27 OCTOBER 1973, Page 14

Religion

The fourth Gospel

Mart in Sullivan

Most people think that radicalism in religion is a recent innovation and probably began with the publication of Honest to God. Christians have been divided into conservative and liberal camps for centuries, and the differences between them have separated 'them from one another even more sharply than denominational barriers. Early in the second century a book was written to try to effect a reconciliation between these separated brethren and to help them to see that there was room for both of them in the Church. We know that book as St John's Gospel.

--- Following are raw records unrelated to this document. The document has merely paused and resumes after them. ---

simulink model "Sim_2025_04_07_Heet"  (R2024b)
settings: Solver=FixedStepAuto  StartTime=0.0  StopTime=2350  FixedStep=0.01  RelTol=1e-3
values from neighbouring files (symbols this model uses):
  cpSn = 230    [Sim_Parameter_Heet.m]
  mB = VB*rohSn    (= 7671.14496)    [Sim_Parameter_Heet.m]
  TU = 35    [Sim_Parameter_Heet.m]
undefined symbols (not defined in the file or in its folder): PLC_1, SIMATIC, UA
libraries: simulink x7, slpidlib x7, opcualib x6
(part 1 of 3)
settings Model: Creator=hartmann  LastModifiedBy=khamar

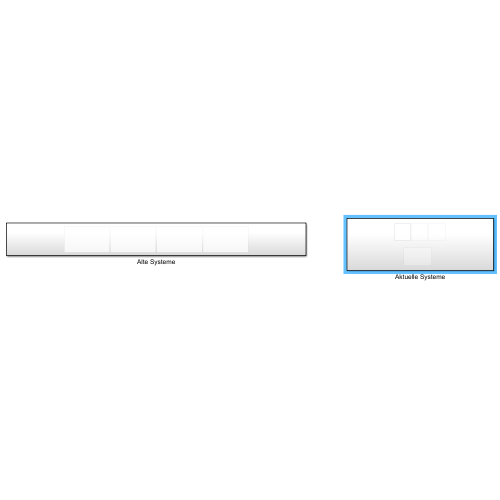
[thumbnail: Simulink's stored preview of the top-level diagram]
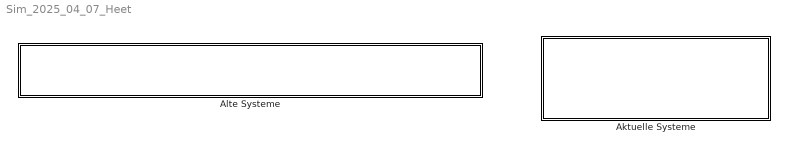
== system Sim_2025_04_07_Heet ==
  Aktuelle Systeme : Subsystem
  Alte Systeme : Subsystem

== system Sim_2025_04_07_Heet/Aktuelle Systeme ==
  Subsystem : Subsystem  Commented=on
  System für Stillstand für Siemens : Subsystem  Commented=on
  System mit Echtdatensätze : Subsystem
  System ohne Echtdatensätze : Subsystem  Commented=on

== system Sim_2025_04_07_Heet/Alte Systeme ==
  Subsystem1 : Subsystem  Commented=on
  Subsystem2 : Subsystem  Commented=on
  Subsystem3 : Subsystem  Commented=on
  Subsystem4 : Subsystem  Commented=on

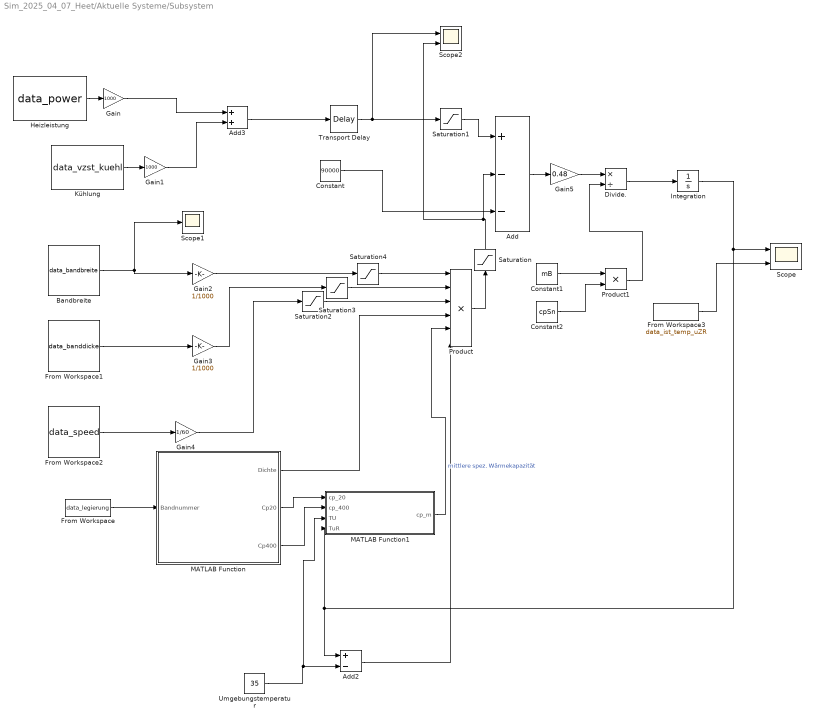
== system Sim_2025_04_07_Heet/Aktuelle Systeme/Subsystem ==
  Add : Sum  Inputs=+--
  Add2 : Sum  Inputs=+-
  Add3 : Sum
  Bandbreite : FromWorkspace  VariableName=data_bandbreite
  Constant : Constant  Value=90000
  Constant1 : Constant  Value=mB
  Constant2 : Constant  Value=cpSn
  Divide. : Product  Inputs=*/
  From Workspace : FromWorkspace  VariableName=data_legierung
  From Workspace1 : FromWorkspace  VariableName=data_banddicke
  From Workspace2 : FromWorkspace  VariableName=data_speed
  From Workspace3 : FromWorkspace  VariableName=data_ist_temp_uZR
  Gain : Gain  Gain=1000
  Gain1 : Gain  Gain=1000
  Gain2 : Gain  Gain=1/1000
  Gain3 : Gain  Gain=1/1000
  Gain4 : Gain  Gain=1/60
  Gain5 : Gain  Gain=0.48
  Heizleistung : FromWorkspace  VariableName=data_power
  Integration : Integrator  InitialCondition=273  IgnoreLimit=on
  Kühlung : FromWorkspace  VariableName=data_vzst_kuehl
  MATLAB Function : MATLAB Function  TreatAsAtomicUnit=on
  MATLAB Function1 : MATLAB Function  TreatAsAtomicUnit=on
  Product : Product  Inputs=6
  Product1 : Product
  Saturation{,1..4} (5 alike) : Saturate  UpperLimit=inf  LowerLimit=0
  Scope : Scope  NumInputPorts=2
  Scope1 : Scope
  Scope2 : Scope  NumInputPorts=2
  Transport Delay : TransportDelay  DelayTime=95
  Umgebungstemperatur : Constant  Value=35
  wires:
  Heizleistung/1 -> Gain/1
  Kühlung/1 -> Gain1/1
  Add3/1 -> Transport Delay/1
  Bandbreite/1 -> Scope1/1, Gain2/1
  From Workspace1/1 -> Gain3/1
  From Workspace2/1 -> Gain4/1
  Product/1 -> Saturation/1
  Divide./1 -> Integration/1
  Integration/1 -> Add2/1, MATLAB Function1/4(TuR), Scope/1
  Add/1 -> Gain5/1
  From Workspace/1 -> MATLAB Function/1(Bandnummer)
  MATLAB Function/1(Dichte) -> Product/4
  MATLAB Function/2(Cp20) -> MATLAB Function1/1(cp_20)
  MATLAB Function/3(Cp400) -> MATLAB Function1/2(cp_400)
  Constant1/1 -> Product1/1
  Constant2/1 -> Product1/2
  Product1/1 -> Divide./2
  Umgebungstemperatur/1 -> MATLAB Function1/3(TU), Add2/2
  Add2/1 -> Product/6
  From Workspace3/1 -> Scope/2
  Saturation/1 -> Scope2/2, Add/2
  Saturation1/1 -> Add/1
  Gain/1 -> Add3/1
  Gain1/1 -> Add3/2
  Gain2/1 -> Saturation4/1
  Gain3/1 -> Saturation3/1
  Gain4/1 -> Saturation2/1
  MATLAB Function1/1(cp_m) -> Product/5  "mittlere spez. Wärmekapazität"
  Constant/1 -> Add/3
  Saturation2/1 -> Product/3
  Saturation3/1 -> Product/2
  Saturation4/1 -> Product/1
  Gain5/1 -> Divide./1
  Transport Delay/1 -> Scope2/1, Saturation1/1

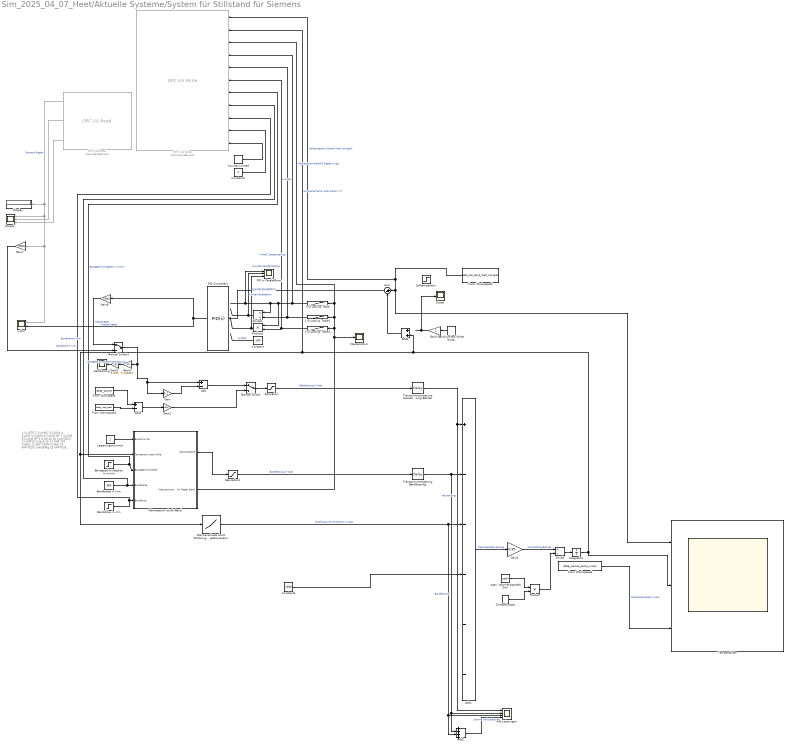
== system Sim_2025_04_07_Heet/Aktuelle Systeme/System für Stillstand für Siemens ==
  note: 1
      | Cu-ETP
      |
      | 2
      | Cu-PHC
      |
      | 3
      | CuSn4
      |
      | 4
      | CuSn5
      |
      | 5
      | CuSn6
      |
      | 6
      | CuSn6 HP
      |
      | 7
      | CuSn8
      |
      | 8
      | CuSn8 HP
      |
      | 9
      | CuSn10
      |
      | 10
      | CuSn3Zn9
      |
      | 11
      | KHP15 CuSn0,15
      |
      | 12
      | KHP 102 CuNiSi
      |
      | 13
      | KHP 102M CuNiSi
      |
      | 14
      | KHP7025 CuNi3SiMg
      |
      | 15
      | KHP7026 CuNi2Si
      |
      | 16
      | KHP105 CuNi1Sn0,5
      |
      | 17
      | KHP109 CuNi1Sn0,9
      |
      | 18
      | C688 CuZn23Al3,5Co
  1-D Lookup Table : Lookup_n-D  NumberOfTableDimensions=1  BreakpointsForDimension1=[0 0.10000000000000001 0.20000000000000001 0.29999999999999999 0.40000000000000002 0.5 0.59999999999999998 0.69999999999999996 0.80000000000000004 0.90000000000000002 1 1.1000000000000001 1.2 1.3 1.3999999999999999 1.5 1.6000000000000001 1.7 1.8 1.8999999999999999 2 2.1000000000000001 2.2000000000000002 2.2999999999999998 2.3999999999999999 2.5 2.6000000000000001 2.7000000000000002 2.7999999999999998 2.8999999999999999 3 3.1000000000000001 3.2000000000000002 3.2999999999999998 3.3999999999999999 3.5 3.6000000000000001 3.7000000000000002 3.7999999999999998 3.8999999999999999 4 4.0999999999999996 4.2000000000000002 4.2999999999999998 4.4000000000000004 4.5]  Table=[5;5.07;5.13;5.2;5.27;5.33;5.4;5.47;5.53;5.6;5.67;5.73;5.8;5.87;5.93;6;6.07;6.13;6.2;6.27;6.33;6.4;6.47;6.53;6.6;6.67;6.73;6.8;6.87;6.93;7;7.07;7.13;7.2;7.27;7.33;7.4;7.47;7.53;7.6;7.67;7.73;7.8;7.87;7.93;8]  InternalRulePriority=Speed  RndMeth=Simplest
  1-D Lookup Table1 : Lookup_n-D  NumberOfTableDimensions=1  BreakpointsForDimension1=[0 0.10000000000000001 0.20000000000000001 0.29999999999999999 0.40000000000000002 0.5 0.59999999999999998 0.69999999999999996 0.80000000000000004 0.90000000000000002 1 1.1000000000000001 1.2 1.3 1.3999999999999999 1.5 1.6000000000000001 1.7 1.8 1.8999999999999999 2 2.1000000000000001 2.2000000000000002 2.2999999999999998 2.3999999999999999 2.5 2.6000000000000001 2.7000000000000002 2.7999999999999998 2.8999999999999999 3 3.1000000000000001 3.2000000000000002 3.2999999999999998 3.3999999999999999 3.5 3.6000000000000001 3.7000000000000002 3.7999999999999998 3.8999999999999999 4 4.0999999999999996 4.2000000000000002 4.2999999999999998 4.4000000000000004 4.5]  Table=[285.7;253.3;256.7;260;263.3;266.7;270;273.3;276.7;280;283.3;286.7;290;293.3;296.7;300;303.3;306.7;310;313.3;316.7;320;323.3;326.7;330;333.3;336.7;340;343.3;346.7;350;353.3;356.7;360;363.3;366.7;370;373.3;376.7;380;383.3;386.7;390;393.3;396.7;400]  InternalRulePriority=Speed  RndMeth=Simplest
  1-D Lookup Table2 : Lookup_n-D  NumberOfTableDimensions=1  BreakpointsForDimension1=[0 0.10000000000000001 0.20000000000000001 0.29999999999999999 0.40000000000000002 0.5 0.59999999999999998 0.69999999999999996 0.80000000000000004 0.90000000000000002 1 1.1000000000000001 1.2 1.3 1.3999999999999999 1.5 1.6000000000000001 1.7 1.8 1.8999999999999999 2 2.1000000000000001 2.2000000000000002 2.2999999999999998 2.3999999999999999 2.5 2.6000000000000001 2.7000000000000002 2.7999999999999998 2.8999999999999999 3 3.1000000000000001 3.2000000000000002 3.2999999999999998 3.3999999999999999 3.5 3.6000000000000001 3.7000000000000002 3.7999999999999998 3.8999999999999999 4 4.0999999999999996 4.2000000000000002 4.2999999999999998 4.4000000000000004 4.5]  Table=[8;59.2;58.4;57.7;57;56.3;55.6;54.9;54.2;53.6;52.9;52.3;51.7;51.1;50.6;50;49.5;48.9;48.4;47.9;47.4;46.9;46.4;45.9;45.5;45;44.6;44.1;43.7;43.3;42.9;42.5;42.1;41.7;41.3;40.9;40.5;40.2;39.8;39.5;39.1;38.8;38.5;38.1;37.8;37.5]  InternalRulePriority=Speed  RndMeth=Simplest
  Add : Sum  Inputs=+-
  Add1 : Sum  Inputs=+-----
  Add2 : Sum  Inputs=++++
  Add3 : Sum
  Add4 : Sum  Inputs=+-
  Alle Leistungen : Scope  NumInputPorts=6
  Band-Limited White Noise : simulink/Sources/Band-Limited White Noise  Cov=[0.1]  Ts=20  seed=[23341]
  Bandbreite in mm : Constant  Value=360
  Banddicke in mm : Step  Time=3000  Before=0.15  After=0.5  SampleTime=0
  Bandgeschwindigkeit in m/min : Step  Time=2000  After=0  SampleTime=0
  Constant : Constant  Value=100
  Constant1 : Constant  Value=-1000
  Constant2 : Constant
  Counter Limited : simulink/Sources/Counter Limited  uplimit=100  tsamp=-1
  Display : Display
  Divide : Product  Inputs=*/
  Divide1 : Product  Inputs=*/
  From Workspace : FromWorkspace  VariableName=data_power
  From Workspace1 : FromWorkspace  VariableName=data_vzst_kuehl
  From Workspace2 : FromWorkspace  VariableName=data_soll_temp_start_korrigiert
  From Workspace3 : FromWorkspace  VariableName=data_wanne_temp_innen
  Gain : Gain  Gain=0.1
  Gain1 : Gain
  Gain2 : Gain  Gain=1000
  Gain3 : Gain  Gain=0.95
  Gain4 : Gain  Gain=0.142857
  Gain5 : Gain  Gain=0.001
  Gain7 : Gain  Gain=7000
  Gain9 : Gain  Gain=7000
  Heizleistung : Scope
  Integration : Integrator  InitialCondition=276.5  IgnoreLimit=on
  Legierungsnummer : Constant
  Manual Switch : ManualSwitch
  Manual Switch1 : ManualSwitch
  Massenstrom : Scope
  OPC UA Read : opcualib/OPC UA Read  Commented=on  SelectedServer=SIMATIC.S7-1500.OPC-UA.Application:PLC_1  ServerList=SIMATIC.S7-1500.OPC-UA.Application:PLC_1  NodeList={ '1', 'reStellwert', '4', '2', '1' }  ShowQualityPort=on  ShowTimestampPort=on  ShowTimestampPortAs=Seconds since start  SampleTime=-1
  OPC UA Write : opcualib/OPC UA Write  Commented=on  SelectedServer=SIMATIC.S7-1500.OPC-UA.Application:PLC_1  ServerList=SIMATIC.S7-1500.OPC-UA.Application:PLC_1  SampleTime=-1  NodeList={ '1', 'reSollwert', '4', '3', '1'; '2', 'reIstTemperaturVonStreckensimulation', '4', '4', '1'; '3', 'reMassenfluss', '4', '5', '1'; '4', 'reP_Anteil', '4', '6', '1'; '5', 'reI_Anteil', '4', '7', '1'; '6', 'reD_Anteil', '4', '8', '1'; '7', 'reGeschwindigkeit', '4', '9', '1'; '8', 'reBandbreite', '4', '10', '1'; '9', 'reBanddicke', '4', '11', '1'; '10', 'boRunVonSimulink', '4', '12', '1'; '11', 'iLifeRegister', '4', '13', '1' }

The two parties had for their respective mottoes the words 'faith' and 'knowledge.' The former were rather old-fashioned people, who preserved the traditions of the original Jewish Christianity. They believed that Jesus would shortly come again to inaugurate a reign of the saints on earth and they were waiting eagerly to join that select band. This was the way in which they saw the Kingdom of God, and the Church was only a stop-gap until that Kingdom should come.

The other party, the party of 'knowledge', were, in religious matters, thorough Greeks, The Jews demanded miracles, the Greeks wanted philosophy. They thought of the visible world as the vain shadow of the invisible world, and did not attach much impor tance to single isolated happenings; still less did they value them in proportion to their remoteness from ordinary experience.

At this point the fourth Gospel came to the rescue. It was written to show both these groups 'a more excellent way.' What was that way? The author addresses himself to the party of faith, but he is at pains not to excite partisanship. He does not use catchwords, and even avoids the terms 'faith and knowledge' altogether. With great skill and understanding, he speaks to the conservative group and tries to spiritualise the content of their religious beliefs.

He leads them to see that miracles are acted parables. Jesus turned the water into wine, so the water of the Jewish Law had become the rich red wine of the Gospel. He touched a blind man's eyes, and healed him; so He is the light of the world and we are all blind, until He restores our sight. He fed the five thousand; so He is the bread of life and we feed on Him. He raised Lazarus from the grave; so he who believes on Him, though he were dead, yet shall he live. He is seen on many occasions after His resurrection; so blessed are those who have not seen and yet have believed. Faith is not based on sight; sight is the end of faith not its beginning.

Christ's signs, as St John's Gospel describes the miracles, are important to us, not because they are so unlike our common experience but because their meaning is always true, for you, for me, for everybody.

By passing continually backwards and forwards, between the universal and the particular, St John tries to reconcile faith and knowledge, making them help and not hinder each other. Faith apart from knowledge loses itself in particular events, and degrades religion into a mere wonder story.

On the other hand, knowledge apart from faith loses itself in general truth and transforms religion into a theory of the universe. St John's Gospel, blend ing faith and knowledge, and combining the universal and the particular, idealises the real and realises the ideal. The literalist and the liberal are equidistant from the truth. This is a painful lesson for them both to learn, but then, truth is a receding goal and the nearer we come to it, the farther away it moves from us.